Have you tried asking them?

I've had good experience with meeting people half way. I tell people "I'm not
going to use facebook messenger. If you want to know why, I'll grab my laptop
and give you the full hour long litany of every crime they've committed
against their users since the company was founded, but the short version is
I'm just not. I'll use any communication mechanism you chose that a) does not
require facebook or google accounts and b) works even marginally on an android
phone without google play services or a linux desktop.". You'd think that
would be a short list, but it's not, and I've never failed to find something
everyone is happy with. Once it's installed, everyone gets push notifications
and no one actually cares who the provider is.

------
Mahn
I wonder whether Ads are an appropriate way to monetize messaging apps. It's
such a fundamentally different context from just mindlessly browsing the news
feed on Facebook or Instagram.
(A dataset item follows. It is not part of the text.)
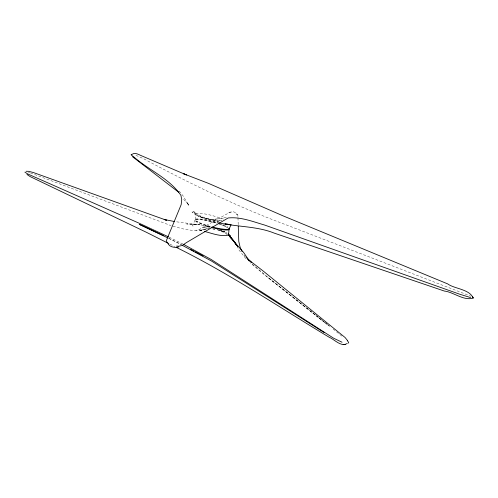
<?xml version="1.0" encoding="UTF-8"?>
<svg xmlns="http://www.w3.org/2000/svg" width="498" height="498" viewBox="0 0 498 498"><rect width="100%" height="100%" fill="white"/><g stroke="black" fill="none" stroke-linecap="round" stroke-linejoin="round"><path stroke-width="0.37" stroke-dasharray="2.49 1.87" d="M223.596 219.033C214.644 216.362 205.151 212.553 195.72 213.754L195.67 214.507L192.95 210.598L198.658 216.232L219.469 222.17M195.253 219.369L195.72 213.754M195.091 219.992L192.782 225.065L192.695 225.855L193.859 226.939M235.946 213.735L237.322 214.669C235.479 210.648 229.815 211.171 227.057 213.854L198.472 229.908C189.694 231.414 180.892 228.202 172.464 226.117M192.782 225.065L193.99 224.61A19.223 3.094 14.9 0 1 203.719 225.463A19.229 3.094 14.9 0 1 210.492 226.995M205.954 229.572L199.754 230.481L195.745 230.418M228.825 212.634L231.67 212.503M226.322 217.439C219.749 218.112 213.2 220.452 206.577 218.585C201.485 216.779 196.947 213.978 191.998 211.93L195.982 215.099L201.092 217.209M196.287 219.593C203.265 219.232 210.106 221.23 216.742 223.129M196.461 224.542L186.675 223.963L199.692 224.828L175.701 221.716M212.578 228.899L214.763 229.13M209.409 228.377L202.624 227.493L209.477 228.507M206.577 218.585L221.903 220.857L211.588 219.313M213.287 229.074L214.812 229.298M219.469 222.183L204.715 218.342L198.621 216.3M28.367 172.401L29.749 172.769M201.516 217.346L204.161 218.08M217.414 229.64L227.051 233.045M209.565 227.356L205.35 226.142L209.471 227.424M210.094 226.59L202.232 224.019L196.324 221.1M219.799 230.275L221.822 230.898L220.353 230.437M135.923 155.326L144.015 158.93C190.809 183.992 238.542 207.367 288.417 225.694L470.84 296.186M30.446 172.949L171.107 225.662M219.799 230.3L224.517 231.881L222.015 230.898L224.828 232.155L227.038 234.191M218.08 223.527L220.981 224.548M199.598 229.734L203.614 231.172M221.71 224.803L227.648 227.686A17.673 2.739 14.9 0 0 219.674 224.231M222.662 230.972L224.698 231.831M217.24 229.759L224.15 232.529L227.349 234.558M169.121 237.141L183.152 244.151M168.617 238.299L181.272 244.742M168.872 238.262L181.702 244.605M169.999 244.163L174.779 246.603M196.853 215.541L206.658 219.662A19.241 2.857 14.9 0 0 218.199 222.787M315.427 315.078L266 276.06L250.594 263.137M316.037 315.558L318.477 317.487M319.087 317.967L320.917 319.411M321.527 319.897L329.464 326.159M252.212 263.946L268.341 277.76L318.62 317.556M319.23 318.035L324.074 321.876M324.684 322.355L329.527 326.19M333.162 329.066L334.98 330.504M268.341 277.76L327.952 325.063M336.467 331.824L342.331 336.486M179.143 191.095L183.283 196.144L188.81 205.55L186.781 202.412L189.19 205.263L182.685 198.322M245.396 256.626L244.306 255.561L245.377 256.619M236.942 214.258L237.863 215.236L237.951 216.997M245.919 258.661L239.183 250.27L237.484 247.014M237.976 217.757L238.206 224.635M209.888 227.038A17.673 2.739 14.9 0 1 195.297 219.855A17.673 2.739 14.9 0 1 216.96 223.347M210.056 226.403A17.679 2.727 14.9 0 1 195.533 219.195A17.679 2.727 14.9 0 1 217.819 222.955M223.029 224.785A17.679 2.727 14.9 0 1 227.81 227.063M206.253 228.956L199.754 230.481L206.253 228.956"/><path stroke-width="0.75" d="M229.018 229.485L228.532 235.093C220.502 236.886 212.092 233.307 204.298 231.383M229.186 228.856L230.954 225.04M348.357 343.11L348.725 342.443L347.324 340.682M347.268 343.446C341.068 347.374 334.469 339.381 329.172 337.239C278.475 306.762 229.267 273.495 176.149 247.301M132.213 154.243C134.771 152.369 137.927 154.15 140.386 155.283L186.445 174.929L183.706 173.827L208.6 183.413L283.051 215.858L447.646 283.879C454.294 288.877 469.689 289.12 473.1 298.003C464.18 301.321 452.981 291.816 444.372 291.062L274.193 233.101C258.499 226.783 241.381 226.951 224.934 223.994L228.003 224.231M178.664 246.964C175.178 247.886 170.596 247.344 168.33 244.294M26.083 171.275L28.772 171.331L33.385 172.538L166.718 220.328L164.166 219.481L174.288 221.492M131.783 154.436L131.148 154.467L131.242 154.984L133.532 156.677C148.678 170.117 169.357 178.278 180.942 195.415L181.726 199.673L181.166 204.653L166.313 240.739L167.284 242.763L168.841 243.815M343.128 344.597L344.012 344.566M344.66 344.535L345.239 344.516M176.529 246.093L178.906 246.205L182.268 245.458L186.327 242.644L228.115 217.975C240.615 216.661 252.86 221.647 264.687 225.071L460.059 294.337L470.622 297.599M229.534 224.355L231.072 224.474M228.918 224.355L230.45 224.486M342.045 342.238L333.685 338.248L211.127 259.464L183.793 244.499M229.111 235.255L230.288 235.722L228.128 233.936M163.444 235.598L139.222 224.318L167.932 237.963M168.436 236.811L139.098 223.197L27.707 173.945L24.9 172.146M167.988 243.149L146.48 232.336L30.154 176.597L26.96 174.474M192.514 250.363L193.828 251.06M195.148 251.751L203.041 255.91M190.504 249.293L191.855 250.021M182.498 245.427L211.513 261.039L324.123 332.583M178.763 192.303L132.524 156.727M229.734 236.811L243.603 252.442L248.589 259.775L262.919 270.819L345.083 337.501L347.461 340.489M248.589 259.775L251.39 262.452L246.485 257.684M228.514 234.67L232.41 239.009L237.801 246.516M237.328 246.012L228.408 234.241M228.445 234.788L229.839 236.538M230.773 237.702L231.701 238.866M247.755 259.165L249.044 260.84M234.956 242.937L236.04 244.686M242.009 251.478L240.136 247.288L238.779 241.449L238.262 226.167M228.906 228.713A17.673 2.739 14.9 0 1 211.183 227.393M229.068 228.09A17.679 2.727 14.9 0 1 212.005 226.926M218.871 222.93A19.241 2.857 14.9 0 0 220.826 223.328A19.248 2.857 14.9 0 0 228.152 224.293M472.702 296.982L473.1 298.003L472.702 296.982"/></g></svg>

I'm sure FB has done their testing but, ads in
an utility app that you want as little in your way as possible like Messenger
or WhatsApp still strike me as something odd.

------
CodeWriter23
I got real busy working on a project and dumped Facebook about 4 months ago in
a ruthless mission to delete all distractions. I haven't really missed it. I
can call or text anyone whom I really want to speak to. And when I text
comments or photos to a group SMS, I know Facebook isn't filtering it.

------
Simulacra
I've avoided Messenger and the Facebook app altogether. I've come to accept
that my data is being sucked up, and it's a necessary evil, but I just don't
want their apps on my phone. At least give me that in life.

------
ravenstine
Already uninstalled Facebook, now I'm uninstalling Messenger. Too bad because
messenger's not that bad but not worth getting ads from. Even Facebook is too
milktoast at this point to even waste time reading their ads for.

------
mankash666
And then WhatsApp, the app can be killed, rebranded and re-skinned as FB
messenger, and still retain the promise to customers and regulators about not
advertising or monitoring communication

------
chaostheory
I'm surprised it took them this long. It makes sense unless they charge for
API access instead

------
intrasight
You've got a smartphone so you've got a browser. No need for Messenger.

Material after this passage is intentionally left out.